To start the lesson, ask students what they already know about slope. They may know terms such as rate of change and rise over run. Often, students have recollection of these terms but don't remember or understand what they mean or how they relate to slope.
Ask students what it means to have positive or negative
slope. Encourage a student to come to the front of the room and draw a
line with positive slope. Ask classmates if they agree that the line
has positive slope, and then ask how they can tell.
A line with positive slope is pointing upward as you
look to the right. You always want to see if the line is pointing
upward or downward on the right side of the graph, just as we read to the right.
Sketch these two lines with positive slope for students to see.
Ask students to tell you all they can about the two graphs. What's the
same? What's different? Emphasize that although both lines have
positive slope, there is something different about the direction in
which they point. Explain that this description of how slanted a line is can be described by a number called its slope.
Now, draw a third line that has the same slope as the first line, but a different y-intercept. Ask students again for comparisons.
Students should eventually recognize that the third line has the same
slope as the first line. Once they do, they are ready to think about
the slope number as a description of how slanted a line is.
Use the activity sheet for practice and enforcement.
The activity sheet guides students through a process for finding the
slope of a given line. Page 1 is meant to be completed as a class, so
having an overhead slide of this page will be helpful.
Distribute the activity sheets and make sure each student has 1
or 2 colored pencils. Many students enjoy using a colored pencil to
draw and shade the slope triangle, and doing so makes the lesson more
memorable. You might ask students to use one color when they're drawing
the triangle for a line with positive slope, and another color for
triangles representing negative slope.
Shade in the slope triangles with students as shown below.
Encourage students to simplify their fractions on page 1 of the
activity sheet. Point out that for each line, the simplified forms of
the fractions are equivalent — no matter which two points on the line
you student use, or how large the triangle is, you get the correct
On page 2, students are given the slope triangle in the first 3
examples (the top row). In the next 3 examples (middle row), they are
given only the points to use to draw the triangle. In the last 3
examples (bottom row), students have to find the points themselves
before drawing the triangle and determining the slope.

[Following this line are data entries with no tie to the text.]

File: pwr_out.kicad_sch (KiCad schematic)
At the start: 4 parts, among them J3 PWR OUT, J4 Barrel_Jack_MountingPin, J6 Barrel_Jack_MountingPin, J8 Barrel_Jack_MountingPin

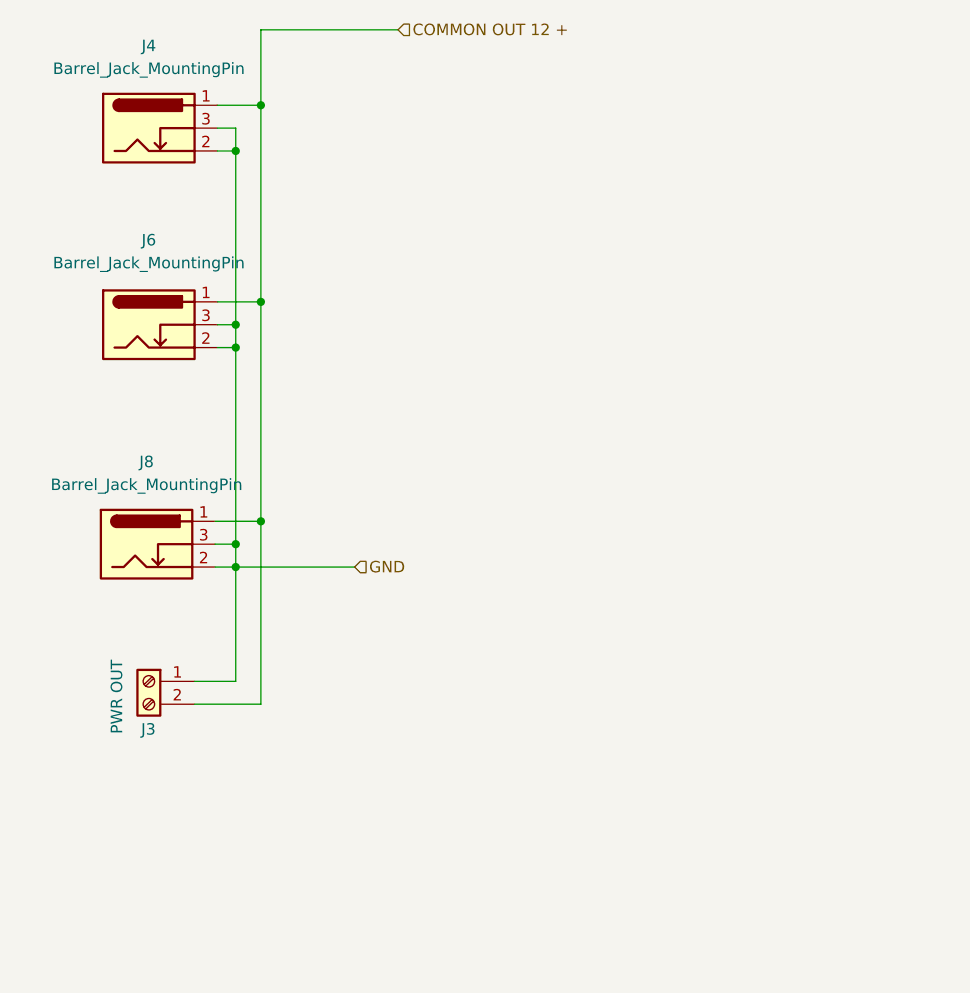
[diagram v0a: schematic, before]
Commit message: Clean space for second relay
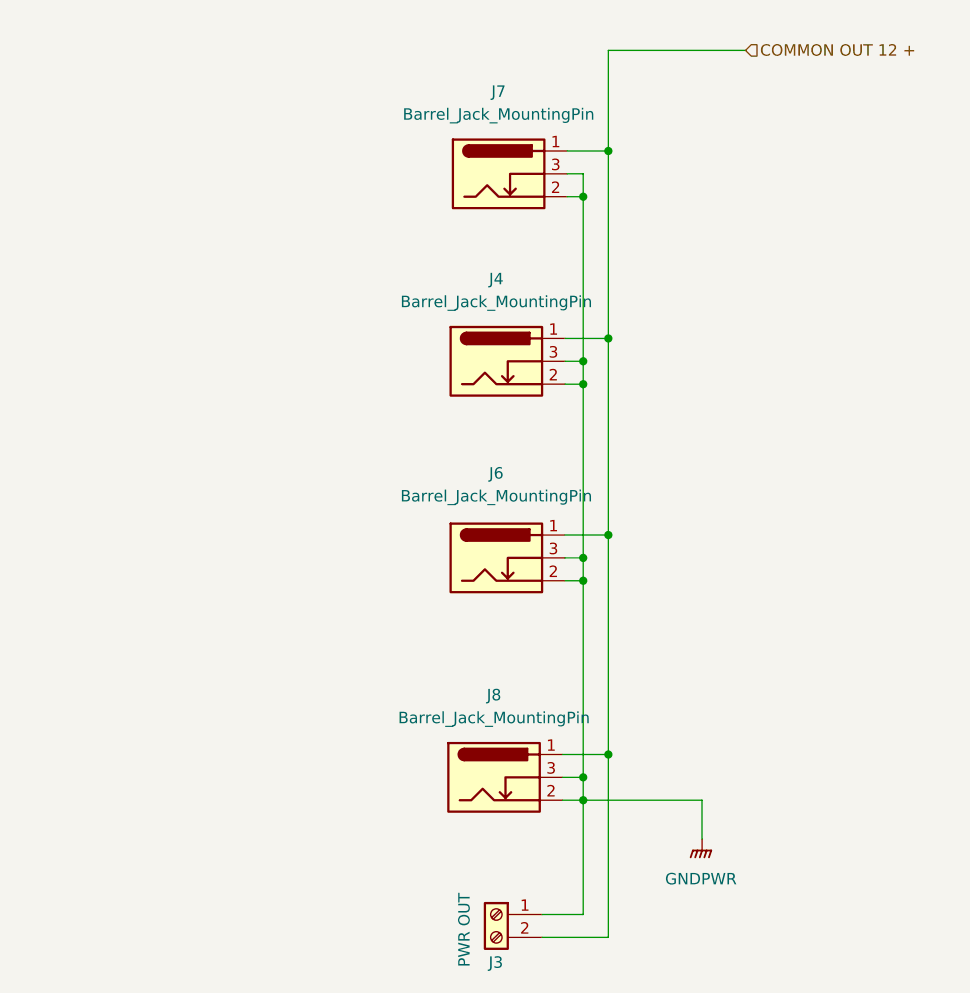
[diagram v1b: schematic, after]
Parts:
- added J7: Barrel_Jack_MountingPin, Connector_BarrelJack:BarrelJack_Horizontal, symbol Connector:Barrel_Jack_Switch
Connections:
- net COMMON OUT 12 +: now also J7.1
- net GND renamed GNDPWR
- net GNDPWR: now also J7.2, J7.3
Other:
- moved on the sheet: J3, J4, J6, J8

The idea here is
to gradually get students comfortable with finding the slope.
While students work on page 2, be sure that they:
- Simplify all fractions
- Determine which lines have negative slope and use a negative fraction to represent the slope of these lines.
This exercise provides students with the skill of finding the
slope of a line from a graph. This skill can be applied to less
abstract examples using real data from a table or a graph.
Questions for Students
1. Which, if any, of the fractions did you have to simplify when you found the slope of a line? How can you avoid the need to simplify a fraction?
2. Suppose you have identified 3 slope triangles for a line to help you find the correct slope. What can you say about the relationship between these triangles?
3. Explain the difference between a line with positive slope and a line with negative slope.
4. Explain the difference between a line with slope 1/2 and a line with slope 2/1.
- Describe what effect using slope triangles had on student understanding of slope.
- What difficulties did students have with this activity?
- How could you extend this activity to rate-of-change problems in the curriculum?
- Describe the effect using colored pencils has on student comprehension of slope.
Students will be able to:
- Determine if the slope of a line is positive or negative
- Express the slope of a line as a fraction
Common Core State Standards – Mathematics
Grade 8, Expression/Equation
Use similar triangles to explain why the slope m is the same between any two distinct points on a non-vertical line in the coordinate plane; derive the equation y = mx for a line through the origin and the equation y = mx + b for a line intercepting the vertical axis at b.
Grade 8, Functions
Construct a function to model a linear relationship between two quantities. Determine the rate of change and initial value of the function from a description of a relationship or from two (x, y) values, including reading these from a table or from a graph. Interpret the rate of change and initial value of a linear function in terms of the situation it models, and in terms of its graph or a table of values.